[TASK DIRECTIONS]: What is needed is a word-for-word copy of all the entries, minus the pictures.

[DATA FOR THE TASK]:
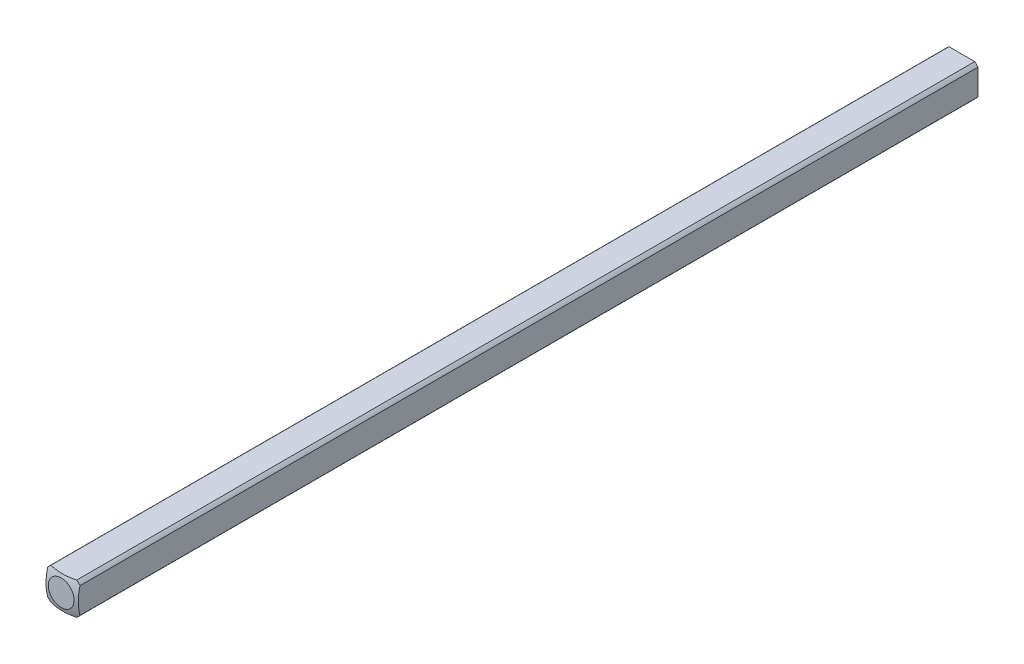
from build123d import *

# Parameters (mm, degrees)
SKETCH1_W           = 3.175
SKETCH1_H           = 3.175
BOSS_EXTRUDE1_DEPTH = 152.4
SKETCH2_OUTSIDE_W   = 35.668
SKETCH2_OUTSIDE_H   = 35.668
SKETCH2_OUTSIDE_R   = 2.032
CUT_EXTRUDE1_DEPTH  = 153.4
CUT_EXTRUDE2_DEPTH  = 4.175
SKETCH6_W           = 3.175
SKETCH6_H           = 12.7
CUT_EXTRUDE3_DEPTH  = 4.175


with BuildPart() as part:
    # Sketch1 → Boss-Extrude1 (new body)
    with BuildSketch(Plane.XY):
        Rectangle(SKETCH1_W, SKETCH1_H)
    extrude(amount=BOSS_EXTRUDE1_DEPTH)

    # Sketch2 outside → Cut-Extrude1 (cut, through all)
    with BuildSketch(Plane(origin=(0, 0, 0), x_dir=(-1, 0, 0), z_dir=(0, 0, -1))):
        Rectangle(SKETCH2_OUTSIDE_W, SKETCH2_OUTSIDE_H)
        Circle(SKETCH2_OUTSIDE_R, mode=Mode.SUBTRACT)
    extrude(amount=-CUT_EXTRUDE1_DEPTH, mode=Mode.SUBTRACT)

    # Sketch3 → Cut-Revolve1 (revolve, cut)
    with BuildSketch(Plane(origin=(0, 0, 0), x_dir=(1, 0, 0), z_dir=(0, 1, 0))):
        with BuildLine():
            Line((-5.053685963, -4.40273269), (-5.053685963, 5.740530545))
            Line((-5.053685963, 5.740530545), (0, 5.740530545))
            Line((0, 5.740530545), (0, 0.160877736))
            ThreePointArc((0, 0.160877736), (-3.404639553, -1.148866368), (-5.053685963, -4.40273269))
        make_face()
    revolve(axis=Axis((0, 0, 152.4), (0, 0, -1)), mode=Mode.SUBTRACT)

    # Mirror1: part across plane


with BuildPart() as part_1:
    add(part.part)
    add(part.part.mirror(Plane(origin=(0, 0, 152.4), x_dir=(1, 0, 0), z_dir=(0, 0, -1))))

    # Sketch4 → Cut-Extrude2 (cut, through all)
    with BuildSketch(Plane(origin=(1.5875, 0, 0), x_dir=(0, 0, -1), z_dir=(1, 0, 0))):
        Polygon((-0.263225358, -1.5875), (-203.463225358, -1.5875), (-203.463225358, 1.5875), (-0.263225358, 1.5875), (0.835678169, 1.5875), (0.835678169, -1.5875), align=None)
    extrude(amount=-CUT_EXTRUDE2_DEPTH, mode=Mode.SUBTRACT)

    # Sketch6 → Cut-Extrude3 (cut, through all)
    with BuildSketch(Plane.XZ.offset(1.5875)):
        with Locations((0, 209.813225358)):
            Rectangle(SKETCH6_W, SKETCH6_H)
    extrude(amount=-CUT_EXTRUDE3_DEPTH, mode=Mode.SUBTRACT)


solid = part_1.part

[ANSWER]:
from build123d import *

# Parameters (mm, degrees)
SKETCH1_W           = 3.175
SKETCH1_H           = 3.175
BOSS_EXTRUDE1_DEPTH = 152.4
SKETCH2_OUTSIDE_W   = 35.668
SKETCH2_OUTSIDE_H   = 35.668
SKETCH2_OUTSIDE_R   = 2.032
CUT_EXTRUDE1_DEPTH  = 153.4
CUT_EXTRUDE2_DEPTH  = 4.175
SKETCH6_W           = 3.175
SKETCH6_H           = 12.7
CUT_EXTRUDE3_DEPTH  = 4.175


with BuildPart() as part:
    # Sketch1 → Boss-Extrude1 (new body)
    with BuildSketch(Plane.XY):
        Rectangle(SKETCH1_W, SKETCH1_H)
    extrude(amount=BOSS_EXTRUDE1_DEPTH)

    # Sketch2 outside → Cut-Extrude1 (cut, through all)
    with BuildSketch(Plane(origin=(0, 0, 0), x_dir=(-1, 0, 0), z_dir=(0, 0, -1))):
        Rectangle(SKETCH2_OUTSIDE_W, SKETCH2_OUTSIDE_H)
        Circle(SKETCH2_OUTSIDE_R, mode=Mode.SUBTRACT)
    extrude(amount=-CUT_EXTRUDE1_DEPTH, mode=Mode.SUBTRACT)

    # Sketch3 → Cut-Revolve1 (revolve, cut)
    with BuildSketch(Plane(origin=(0, 0, 0), x_dir=(1, 0, 0), z_dir=(0, 1, 0))):
        with BuildLine():
            Line((-5.053685963, -4.40273269), (-5.053685963, 5.740530545))
            Line((-5.053685963, 5.740530545), (0, 5.740530545))
            Line((0, 5.740530545), (0, 0.160877736))
            ThreePointArc((0, 0.160877736), (-3.404639553, -1.148866368), (-5.053685963, -4.40273269))
        make_face()
    revolve(axis=Axis((0, 0, 152.4), (0, 0, -1)), mode=Mode.SUBTRACT)

    # Mirror1: part across plane


with BuildPart() as part_1:
    add(part.part)
    add(part.part.mirror(Plane(origin=(0, 0, 152.4), x_dir=(1, 0, 0), z_dir=(0, 0, -1))))

    # Sketch4 → Cut-Extrude2 (cut, through all)
    with BuildSketch(Plane(origin=(1.5875, 0, 0), x_dir=(0, 0, -1), z_dir=(1, 0, 0))):
        Polygon((-0.263225358, -1.5875), (-203.463225358, -1.5875), (-203.463225358, 1.5875), (-0.263225358, 1.5875), (0.835678169, 1.5875), (0.835678169, -1.5875), align=None)
    extrude(amount=-CUT_EXTRUDE2_DEPTH, mode=Mode.SUBTRACT)

    # Sketch6 → Cut-Extrude3 (cut, through all)
    with BuildSketch(Plane.XZ.offset(1.5875)):
        with Locations((0, 209.813225358)):
            Rectangle(SKETCH6_W, SKETCH6_H)
    extrude(amount=-CUT_EXTRUDE3_DEPTH, mode=Mode.SUBTRACT)


solid = part_1.part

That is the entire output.